Сразу же жизнь стала снова полной интереса, и такой приятной, как это было практически для жизни изгнанника. Он быстро завел друзей среди как французских, так и английских жителей в Париже, в то время как одним из его сопленников на честном слове в столице в эту дату был хорошо известный банкир, мистер Бойд [1], с которым его семья была давно знакома, и в чьей близости он теперь снял комнаты.
«Мистер Бойд, — рассказывает Стэноуп, — был в странном положении. Он первоначально был одним из первых, если не первым банкиром в Париже. Он стоял, как я слышал, в превосходном положении, допущенный, как англичанин, в те высшие круги, которые были закрыты для денежных людей Франции, и стремящийся к тому командующему влиянию в коммерческом мире, которое, хотя часто поддерживается в Англии, редко поощряется во Франции, если мы можем считать Лафитта исключением. При начале Революции искушение, предложенное богатством мистера Бойда, было слишком большим, чтобы ему сопротивляться. Французское правительство решило считать его émigré и захватило средства банка, которые, как говорят, состояли из 600 000 фунтов стерлингов. При Мире в Амьене он вернулся в Париж, чтобы востребовать свою собственность, но при возобновлении войны он был задержан как пленник, будучи включенным в класс détenus. Тщетно он протестовал перед министрами и сказал: 'Если я француз, дайте мне мою свободу; если я англичанин, верните мне мои деньги; вы не можете иметь право задерживать меня пленником как англичанина и держать мои деньги как деньги француза!'»

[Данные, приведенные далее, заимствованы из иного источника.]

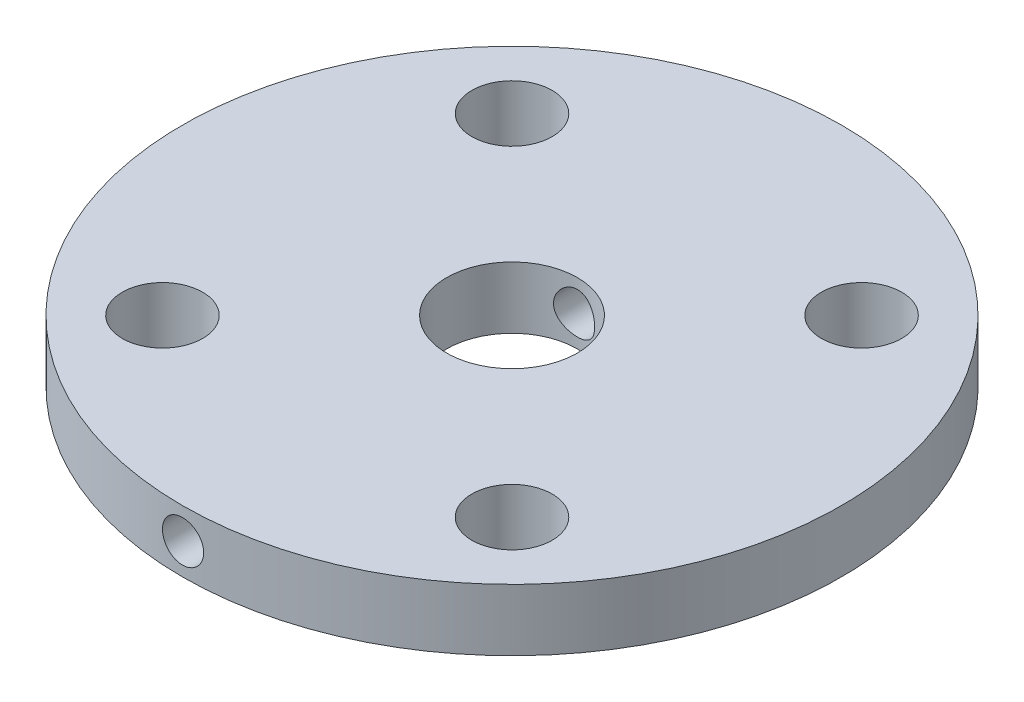
ISO-10303-21;
HEADER;
FILE_DESCRIPTION(('STEP AP214'),'2;1');
FILE_NAME('part.step','',(''),(''),'','','');
FILE_SCHEMA(('AUTOMOTIVE_DESIGN { 1 0 10303 214 1 1 1 1 }'));
ENDSEC;
DATA;
#1=APPLICATION_CONTEXT('core data for automotive mechanical design processes');
#2=APPLICATION_PROTOCOL_DEFINITION('international standard','automotive_design',2000,#1);
#3=PRODUCT_CONTEXT('',#1,'mechanical');
#4=PRODUCT('Part','Part','',(#3));
#5=PRODUCT_RELATED_PRODUCT_CATEGORY('part','',(#4));
#6=PRODUCT_DEFINITION_FORMATION('','',#4);
#7=PRODUCT_DEFINITION_CONTEXT('part definition',#1,'design');
#8=PRODUCT_DEFINITION('design','',#6,#7);
#9=PRODUCT_DEFINITION_SHAPE('','',#8);
#10=(LENGTH_UNIT() NAMED_UNIT(*) SI_UNIT(.MILLI.,.METRE.));
#11=(NAMED_UNIT(*) PLANE_ANGLE_UNIT() SI_UNIT($,.RADIAN.));
#12=(NAMED_UNIT(*) SI_UNIT($,.STERADIAN.) SOLID_ANGLE_UNIT());
#13=UNCERTAINTY_MEASURE_WITH_UNIT(LENGTH_MEASURE(1.E-05),#10,'distance_accuracy_value','');
#14=(GEOMETRIC_REPRESENTATION_CONTEXT(3) GLOBAL_UNCERTAINTY_ASSIGNED_CONTEXT((#13)) GLOBAL_UNIT_ASSIGNED_CONTEXT((#10,
#11,#12)) REPRESENTATION_CONTEXT('',''));
#15=CARTESIAN_POINT('',(0.,0.,0.));
#16=DIRECTION('',(0.,0.,1.));
#17=DIRECTION('',(1.,0.,0.));
#18=AXIS2_PLACEMENT_3D('',#15,#16,#17);
#19=CARTESIAN_POINT('',(0.,3.,0.));
#20=DIRECTION('',(0.,-1.,0.));
#21=DIRECTION('',(0.,0.,-1.));
#22=AXIS2_PLACEMENT_3D('',#19,#20,#21);
#23=CYLINDRICAL_SURFACE('',#22,16.);
#24=CARTESIAN_POINT('',(0.,2.5,-16.));
#25=CARTESIAN_POINT('',(-0.0561116734183644,2.49999753108858,-15.9999995845718));
#26=CARTESIAN_POINT('',(-0.112262635856497,2.49526135026496,-15.9997016695472));
#27=CARTESIAN_POINT('',(-0.223014105359193,2.47643576614751,-15.9985418686177));
#28=CARTESIAN_POINT('',(-0.277612730612397,2.46233547654854,-15.9976793263185));
#29=CARTESIAN_POINT('',(-0.383639254093895,2.42518824913568,-15.995487847518));
#30=CARTESIAN_POINT('',(-0.43506880833064,2.40214603069408,-15.9941591570758));
#31=CARTESIAN_POINT('',(-0.533316707904364,2.3477766795575,-15.9911848224785));
#32=CARTESIAN_POINT('',(-0.580136105926783,2.31645144425954,-15.989539250935));
#33=CARTESIAN_POINT('',(-0.667918229342462,2.24635384790991,-15.9861133677169));
#34=CARTESIAN_POINT('',(-0.708873140240784,2.20757170863627,-15.9843328810066));
#35=CARTESIAN_POINT('',(-0.783696905169765,2.1236813325073,-15.9808393328824));
#36=CARTESIAN_POINT('',(-0.817565463097674,2.07857283143688,-15.9791262742884));
#37=CARTESIAN_POINT('',(-0.877279186236974,1.98326595884957,-15.9759594183013));
#38=CARTESIAN_POINT('',(-0.903117860756827,1.93306351306165,-15.9745058310452));
#39=CARTESIAN_POINT('',(-0.945996818003629,1.82902237763191,-15.9720241042778));
#40=CARTESIAN_POINT('',(-0.96303719535256,1.77518372710297,-15.9709959601911));
#41=CARTESIAN_POINT('',(-0.98781415871503,1.66547373606911,-15.9694827304962));
#42=CARTESIAN_POINT('',(-0.995562984542585,1.60960516982239,-15.9689969305132));
#43=CARTESIAN_POINT('',(-1.00157466797485,1.49735836087158,-15.9686210332971));
#44=CARTESIAN_POINT('',(-0.999837633013961,1.44098012394711,-15.9687309293172));
#45=CARTESIAN_POINT('',(-0.986937060851419,1.32939774759017,-15.9695333678952));
#46=CARTESIAN_POINT('',(-0.975786769220214,1.2741920700683,-15.9702250917472));
#47=CARTESIAN_POINT('',(-0.944396744262123,1.16643750297721,-15.9721119435897));
#48=CARTESIAN_POINT('',(-0.924156956473655,1.11388862932888,-15.9733070745964));
#49=CARTESIAN_POINT('',(-0.875147436127337,1.01289678972627,-15.976066999066));
#50=CARTESIAN_POINT('',(-0.846371695029948,0.964456747007634,-15.9776320527627));
#51=CARTESIAN_POINT('',(-0.781111460834665,0.873089564719719,-15.9809551904227));
#52=CARTESIAN_POINT('',(-0.744626881072921,0.830162487136696,-15.982713276556));
#53=CARTESIAN_POINT('',(-0.664910031499466,0.750962711761426,-15.9862279896743));
#54=CARTESIAN_POINT('',(-0.621666298337665,0.714701550815685,-15.9879846089879));
#55=CARTESIAN_POINT('',(-0.529698860612806,0.649951919926683,-15.991295531007));
#56=CARTESIAN_POINT('',(-0.48097515413519,0.621463452699012,-15.9928498336419));
#57=CARTESIAN_POINT('',(-0.379423861379133,0.573068869909581,-15.9955810990219));
#58=CARTESIAN_POINT('',(-0.326596066323405,0.553163191296925,-15.996758042555));
#59=CARTESIAN_POINT('',(-0.218339310710279,0.522506942266674,-15.9986017059347));
#60=CARTESIAN_POINT('',(-0.162910380539017,0.511756264929576,-15.9992684317401));
#61=CARTESIAN_POINT('',(-0.0511248774990824,0.499729486382181,-16.0000157621239));
#62=CARTESIAN_POINT('',(0.00522997295839982,0.498437434453237,-16.0000973534494));
#63=CARTESIAN_POINT('',(0.117355606048469,0.505322906633079,-15.9996678453116));
#64=CARTESIAN_POINT('',(0.173126391718993,0.513500381462645,-15.9991567489326));
#65=CARTESIAN_POINT('',(0.282455831103055,0.539079571363428,-15.9976000372996));
#66=CARTESIAN_POINT('',(0.336016203553953,0.556473968261251,-15.9965548461366));
#67=CARTESIAN_POINT('',(0.439457481288669,0.599985805945472,-15.9940475327632));
#68=CARTESIAN_POINT('',(0.489338353473662,0.626103325188758,-15.9925854068029));
#69=CARTESIAN_POINT('',(0.584077738206346,0.686360630832902,-15.9894060556935));
#70=CARTESIAN_POINT('',(0.628929463573039,0.720511070281587,-15.9876884929127));
#71=CARTESIAN_POINT('',(0.712269053211648,0.79584930414363,-15.9841926926019));
#72=CARTESIAN_POINT('',(0.750756854818248,0.837037167846118,-15.9824144544745));
#73=CARTESIAN_POINT('',(0.820330100485797,0.925349893959178,-15.9789948666346));
#74=CARTESIAN_POINT('',(0.851405196389086,0.972482917214669,-15.9773537103402));
#75=CARTESIAN_POINT('',(0.905200136492261,1.07130700937391,-15.9743964406003));
#76=CARTESIAN_POINT('',(0.927920032215678,1.12299805016757,-15.9730803251503));
#77=CARTESIAN_POINT('',(0.964341719087062,1.22943306063595,-15.9709229534197));
#78=CARTESIAN_POINT('',(0.97805002342622,1.28417479428992,-15.9700813542419));
#79=CARTESIAN_POINT('',(0.996080670846894,1.39518833644789,-15.968966972331));
#80=CARTESIAN_POINT('',(1.00040310708364,1.45146012976037,-15.9686941839525));
#81=CARTESIAN_POINT('',(0.999538420240621,1.56383354163887,-15.9687483230443));
#82=CARTESIAN_POINT('',(0.994367566255264,1.61993528661128,-15.9690742245126));
#83=CARTESIAN_POINT('',(0.974696810271302,1.73047230619191,-15.9702868443231));
#84=CARTESIAN_POINT('',(0.960196891369881,1.78490757778055,-15.9711735636814));
#85=CARTESIAN_POINT('',(0.922283263126457,1.89056889695909,-15.973407642964));
#86=CARTESIAN_POINT('',(0.898869617796246,1.94179496759201,-15.9747549995802));
#87=CARTESIAN_POINT('',(0.843795411717915,2.03959109044531,-15.9777584946703));
#88=CARTESIAN_POINT('',(0.812135064586063,2.08616126322527,-15.9794146251456));
#89=CARTESIAN_POINT('',(0.741406059816915,2.17340611618713,-15.9828523464997));
#90=CARTESIAN_POINT('',(0.70232564585019,2.21407125752769,-15.9846341336137));
#91=CARTESIAN_POINT('',(0.617881549043877,2.28827789047344,-15.988120720492));
#92=CARTESIAN_POINT('',(0.572516331232764,2.32181763671957,-15.9898255013133));
#93=CARTESIAN_POINT('',(0.476738724866025,2.38084611029607,-15.9929677448517));
#94=CARTESIAN_POINT('',(0.426320161262644,2.4063248253584,-15.9944048742264));
#95=CARTESIAN_POINT('',(0.32194850775737,2.44842421732071,-15.9968453987164));
#96=CARTESIAN_POINT('',(0.267999641051182,2.46505526848698,-15.9978493015464));
#97=CARTESIAN_POINT('',(0.178100608228009,2.48466472436056,-15.9990471813266));
#98=CARTESIAN_POINT('',(0.14273153971185,2.49040801649776,-15.9994029003706));
#99=CARTESIAN_POINT('',(0.0715803108763633,2.49807643923667,-15.9998794420625));
#100=CARTESIAN_POINT('',(0.0357981511282327,2.50000157511724,-16.0000002650351));
#101=CARTESIAN_POINT('',(0.,2.5,-16.));
#102=B_SPLINE_CURVE_WITH_KNOTS('',3,(#24,#25,#26,#27,#28,#29,#30,#31,#32,#33,#34,#35,#36,#37,
#38,#39,#40,#41,#42,#43,#44,#45,#46,#47,#48,#49,#50,#51,#52,#53,#54,#55,#56,#57,#58,#59,#60,#61,
#62,#63,#64,#65,#66,#67,#68,#69,#70,#71,#72,#73,#74,#75,#76,#77,#78,#79,#80,#81,#82,#83,#84,#85,
#86,#87,#88,#89,#90,#91,#92,#93,#94,#95,#96,#97,#98,#99,#100,#101),.UNSPECIFIED.,.T.,.F.,(4,2,2,
2,2,2,2,2,2,2,2,2,2,2,2,2,2,2,2,2,2,2,2,2,2,2,2,2,2,2,2,2,2,2,2,2,2,2,4),(0.,0.168204335736812,
0.336604561629083,0.504916029841641,0.673188976167694,0.841684102124275,1.01018626723216,
1.17882428335738,1.34746048581395,1.5158742979282,1.68428620263516,1.85246152601026,
2.02063785705579,2.18893285109142,2.35722973722373,2.52581521111887,2.69440074391357,
2.86299485837158,3.03158700382427,3.19989477532544,3.36820167096043,3.53637513186954,
3.70455010539317,3.8729493782523,4.04135030923394,4.20998497032328,4.37861859148557,
4.54713019711468,4.71564013024963,4.88386154957344,5.05208327368919,5.2203037897837,
5.38851994885565,5.55700488735896,5.7255310486315,5.8942657148081,6.06280209381717,
6.17011332139855,6.27742440061437),.UNSPECIFIED.);
#103=CARTESIAN_POINT('',(0.,2.5,-16.));
#104=VERTEX_POINT('',#103);
#105=EDGE_CURVE('E86',#104,#104,#102,.T.);
#106=ORIENTED_EDGE('',*,*,#105,.T.);
#107=EDGE_LOOP('',(#106));
#108=FACE_BOUND('',#107,.T.);
#109=CARTESIAN_POINT('',(1.,1.5,15.9687194226713));
#110=CARTESIAN_POINT('',(0.999997530979189,1.4438884472806,15.9687198411353));
#111=CARTESIAN_POINT('',(0.995261369841746,1.38773760513601,15.969018353808));
#112=CARTESIAN_POINT('',(0.976435871032847,1.2769863855843,15.9701802900617));
#113=CARTESIAN_POINT('',(0.962335646645886,1.22238789008275,15.9710443711589));
#114=CARTESIAN_POINT('',(0.925188610022269,1.11636164088904,15.9732391891673));
#115=CARTESIAN_POINT('',(0.902146520267138,1.06493223008941,15.9745696797169));
#116=CARTESIAN_POINT('',(0.847777472120561,0.966684570565514,15.9775470893317));
#117=CARTESIAN_POINT('',(0.816452410807396,0.91986526933703,15.979193935917));
#118=CARTESIAN_POINT('',(0.74635498971825,0.832083035451518,15.9826212975974));
#119=CARTESIAN_POINT('',(0.707572812898322,0.791127948227644,15.9844019869887));
#120=CARTESIAN_POINT('',(0.623682287801146,0.716303843323424,15.9878947691017));
#121=CARTESIAN_POINT('',(0.578573675788047,0.682435121205567,15.9896068589598));
#122=CARTESIAN_POINT('',(0.483266707160287,0.622721227286503,15.9927710231964));
#123=CARTESIAN_POINT('',(0.43306429534244,0.596882515766822,15.9942228878238));
#124=CARTESIAN_POINT('',(0.329023233776073,0.55400348072674,15.9967011782085));
#125=CARTESIAN_POINT('',(0.275184622955805,0.536963063030846,15.9977276085194));
#126=CARTESIAN_POINT('',(0.165474748764174,0.512186014004023,15.9992381746231));
#127=CARTESIAN_POINT('',(0.109606260323203,0.504437139793369,15.9997230239649));
#128=CARTESIAN_POINT('',(-0.00264039663577823,0.498425332642003,16.0000981990362));
#129=CARTESIAN_POINT('',(-0.0590185594017607,0.500162292780172,15.9999885314668));
#130=CARTESIAN_POINT('',(-0.170601268404246,0.513062747473926,15.9991876257094));
#131=CARTESIAN_POINT('',(-0.225807343941721,0.524213071749852,15.9984972000676));
#132=CARTESIAN_POINT('',(-0.333562690243541,0.555603300349893,15.9966134446114));
#133=CARTESIAN_POINT('',(-0.386111945300423,0.575843258406096,15.9954201118241));
#134=CARTESIAN_POINT('',(-0.487104243384537,0.624853129246822,15.9926635052552));
#135=CARTESIAN_POINT('',(-0.535544382664921,0.653629010504596,15.991099972778));
#136=CARTESIAN_POINT('',(-0.626911698437901,0.718889542747454,15.9877789297274));
#137=CARTESIAN_POINT('',(-0.669838812883485,0.755374280480586,15.9860214169712));
#138=CARTESIAN_POINT('',(-0.749038406115801,0.835091240884198,15.9825066607318));
#139=CARTESIAN_POINT('',(-0.785299380057092,0.878334894966939,15.9807494228481));
#140=CARTESIAN_POINT('',(-0.850048671499497,0.970302108289596,15.9774363321876));
#141=CARTESIAN_POINT('',(-0.878536985907494,1.01902566971022,15.975880479491));
#142=CARTESIAN_POINT('',(-0.926931459210992,1.12057692578075,15.9731458545621));
#143=CARTESIAN_POINT('',(-0.946837133512335,1.17340485197314,15.9719671036228));
#144=CARTESIAN_POINT('',(-0.977493333620069,1.28166189223494,15.9701203713367));
#145=CARTESIAN_POINT('',(-0.988243967125888,1.33709097569638,15.9694523839814));
#146=CARTESIAN_POINT('',(-1.00027058075806,1.44887654587898,15.9687036349613));
#147=CARTESIAN_POINT('',(-1.00156255318282,1.50523130569735,15.9686218821213));
#148=CARTESIAN_POINT('',(-0.994676954357524,1.61735673831729,15.969052232218));
#149=CARTESIAN_POINT('',(-0.986499432380862,1.67312741415654,15.9695643320648));
#150=CARTESIAN_POINT('',(-0.960920259294965,1.78245632829255,15.9711237717849));
#151=CARTESIAN_POINT('',(-0.943525973475455,1.83601629642184,15.9721706842554));
#152=CARTESIAN_POINT('',(-0.900014493620536,1.93945681476954,15.9746814071507));
#153=CARTESIAN_POINT('',(-0.873897220477942,1.98933733161468,15.9761452213563));
#154=CARTESIAN_POINT('',(-0.813640273406212,2.08407648067029,15.9793271925999));
#155=CARTESIAN_POINT('',(-0.779489883827755,2.12892828586751,15.9810456882235));
#156=CARTESIAN_POINT('',(-0.70415170436153,2.21226805986129,15.9845421781084));
#157=CARTESIAN_POINT('',(-0.66296384556227,2.25075596633476,15.9863201729523));
#158=CARTESIAN_POINT('',(-0.574651072357626,2.32032942945236,15.9897382037197));
#159=CARTESIAN_POINT('',(-0.527517996495805,2.35140463726256,15.9913780447267));
#160=CARTESIAN_POINT('',(-0.428693770152175,2.40519977390251,15.994332187476));
#161=CARTESIAN_POINT('',(-0.377002647786563,2.4279197542668,15.9956464912261));
#162=CARTESIAN_POINT('',(-0.270567696249643,2.46434149916563,15.9978005355393));
#163=CARTESIAN_POINT('',(-0.215826115659464,2.47804981351641,15.9986406207087));
#164=CARTESIAN_POINT('',(-0.104812895574876,2.49608053285795,15.9997529424787));
#165=CARTESIAN_POINT('',(-0.0485412711395204,2.5004030301923,16.000025184666));
#166=CARTESIAN_POINT('',(0.063832252959847,2.49953851767714,15.9999711621222));
#167=CARTESIAN_POINT('',(0.119934278433168,2.49436770399843,15.999645916741));
#168=CARTESIAN_POINT('',(0.230471868848108,2.47469692976745,15.998435518434));
#169=CARTESIAN_POINT('',(0.284907430859812,2.46019695281398,15.9975503645239));
#170=CARTESIAN_POINT('',(0.390569318288325,2.42228310321836,15.9953196405464));
#171=CARTESIAN_POINT('',(0.441795666518811,2.39886929395129,15.9939740737523));
#172=CARTESIAN_POINT('',(0.539592275878477,2.34379467437962,15.9909736002392));
#173=CARTESIAN_POINT('',(0.58616265773806,2.31213407799313,15.9893187015444));
#174=CARTESIAN_POINT('',(0.673407488114299,2.24140480342907,15.985882362156));
#175=CARTESIAN_POINT('',(0.714072443678588,2.20232442561591,15.9841007244306));
#176=CARTESIAN_POINT('',(0.788278718736945,2.11788047694226,15.9806132737751));
#177=CARTESIAN_POINT('',(0.821818292391859,2.07251537070486,15.9789074795087));
#178=CARTESIAN_POINT('',(0.880846585182559,1.97673785081359,15.9757624815986));
#179=CARTESIAN_POINT('',(0.906325259723946,1.92631924220677,15.9743236114818));
#180=CARTESIAN_POINT('',(0.94842456336913,1.82194749238328,15.9718796544747));
#181=CARTESIAN_POINT('',(0.965055567355717,1.76799857462219,15.9708740597848));
#182=CARTESIAN_POINT('',(0.984664887060615,1.67809966855037,15.9696740541119));
#183=CARTESIAN_POINT('',(0.990408117992379,1.64273078746763,15.9693176670435));
#184=CARTESIAN_POINT('',(0.998076459396095,1.57157993435516,15.9688402180015));
#185=CARTESIAN_POINT('',(1.00000157518214,1.53579796290045,15.9687191557003));
#186=CARTESIAN_POINT('',(1.,1.5,15.9687194226713));
#187=B_SPLINE_CURVE_WITH_KNOTS('',3,(#109,#110,#111,#112,#113,#114,#115,#116,#117,#118,#119,
#120,#121,#122,#123,#124,#125,#126,#127,#128,#129,#130,#131,#132,#133,#134,#135,#136,#137,#138,
#139,#140,#141,#142,#143,#144,#145,#146,#147,#148,#149,#150,#151,#152,#153,#154,#155,#156,#157,
#158,#159,#160,#161,#162,#163,#164,#165,#166,#167,#168,#169,#170,#171,#172,#173,#174,#175,#176,
#177,#178,#179,#180,#181,#182,#183,#184,#185,#186),.UNSPECIFIED.,.T.,.F.,(4,2,2,2,2,2,2,2,2,2,2,
2,2,2,2,2,2,2,2,2,2,2,2,2,2,2,2,2,2,2,2,2,2,2,2,2,2,2,4),(0.,0.168203973235824,
0.336603844556243,0.50491489935846,0.673187438624218,0.841683038825124,1.01018566534422,
1.17882350626665,1.34745954207989,1.51587313181256,1.68428482324807,1.85246127888492,
2.02063872868625,2.18893404953364,2.35723126431538,2.52581626474337,2.69440133225935,
2.86299591720155,3.03158851877835,3.1998960052442,3.36820261594567,3.53637493205267,
3.70454877332519,3.87294823249217,4.04134934073537,4.20998419473402,4.37861800858551,
4.54712912090045,4.71563857528899,4.88386080932268,5.05208333910167,5.22030467288373,
5.38852164351148,5.55700609815315,5.72553178684829,5.89426665384357,6.06280322177696,
6.17011388566673,6.27742440020044),.UNSPECIFIED.);
#188=CARTESIAN_POINT('',(1.,1.5,15.9687194226713));
#189=VERTEX_POINT('',#188);
#190=EDGE_CURVE('E81',#189,#189,#187,.T.);
#191=ORIENTED_EDGE('',*,*,#190,.T.);
#192=EDGE_LOOP('',(#191));
#193=FACE_BOUND('',#192,.T.);
#194=CARTESIAN_POINT('',(0.,3.,0.));
#195=DIRECTION('',(0.,1.,0.));
#196=DIRECTION('',(0.,0.,1.));
#197=AXIS2_PLACEMENT_3D('',#194,#195,#196);
#198=CIRCLE('',#197,16.);
#199=CARTESIAN_POINT('',(0.,3.,16.));
#200=VERTEX_POINT('',#199);
#201=EDGE_CURVE('E11',#200,#200,#198,.T.);
#202=ORIENTED_EDGE('',*,*,#201,.F.);
#203=EDGE_LOOP('',(#202));
#204=FACE_BOUND('',#203,.T.);
#205=CARTESIAN_POINT('',(0.,0.,0.));
#206=DIRECTION('',(0.,1.,0.));
#207=DIRECTION('',(0.,0.,1.));
#208=AXIS2_PLACEMENT_3D('',#205,#206,#207);
#209=CIRCLE('',#208,16.);
#210=CARTESIAN_POINT('',(0.,0.,16.));
#211=VERTEX_POINT('',#210);
#212=EDGE_CURVE('E54',#211,#211,#209,.T.);
#213=ORIENTED_EDGE('',*,*,#212,.T.);
#214=EDGE_LOOP('',(#213));
#215=FACE_BOUND('',#214,.T.);
#216=ADVANCED_FACE('F41',(#108,#193,#204,#215),#23,.T.);
#217=CARTESIAN_POINT('',(0.,0.,0.));
#218=DIRECTION('',(0.,1.,0.));
#219=DIRECTION('',(0.,0.,1.));
#220=AXIS2_PLACEMENT_3D('',#217,#218,#219);
#221=PLANE('',#220);
#222=CARTESIAN_POINT('',(0.,0.,0.));
#223=DIRECTION('',(0.,-1.,0.));
#224=DIRECTION('',(0.,0.,-1.));
#225=AXIS2_PLACEMENT_3D('',#222,#223,#224);
#226=CIRCLE('',#225,3.175);
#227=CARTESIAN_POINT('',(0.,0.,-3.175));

«Все его протесты были тщетны; но расстроенными, как его обстоятельства были в эту дату, его сердце было теплым и его стол таким же гостеприимным, как всегда. Многие вечера я провел с ним, обсуждая события прежних времен и его финансовые схемы. Я никогда не встречал духа более бодрого, ни расположения более радужного. В том Париже, где он когда-то стоял во главе меркантильного интереса, и наслаждался, с задором, которого немногие люди были способны, каждой роскошью, которую роскошная столица могла поставить, он теперь был двойным банкротом, пленником войны. Но к чести французских финансистов — тогда, действительно, людей самого большого отличия в мире моды — он не был проигнорирован. Он все еще жил в том обществе, членом которого он был ранее столь отличившимся, ни он не был рассматриваем с презрением, потому что его жена и дочери теперь ездили на вечеринки в своем fiacre. В одном из этих случаев он встретил Талейрана, который не мог не воскликнуть: 'Ah! Monsieur Boyd, vous voir comme cela!'»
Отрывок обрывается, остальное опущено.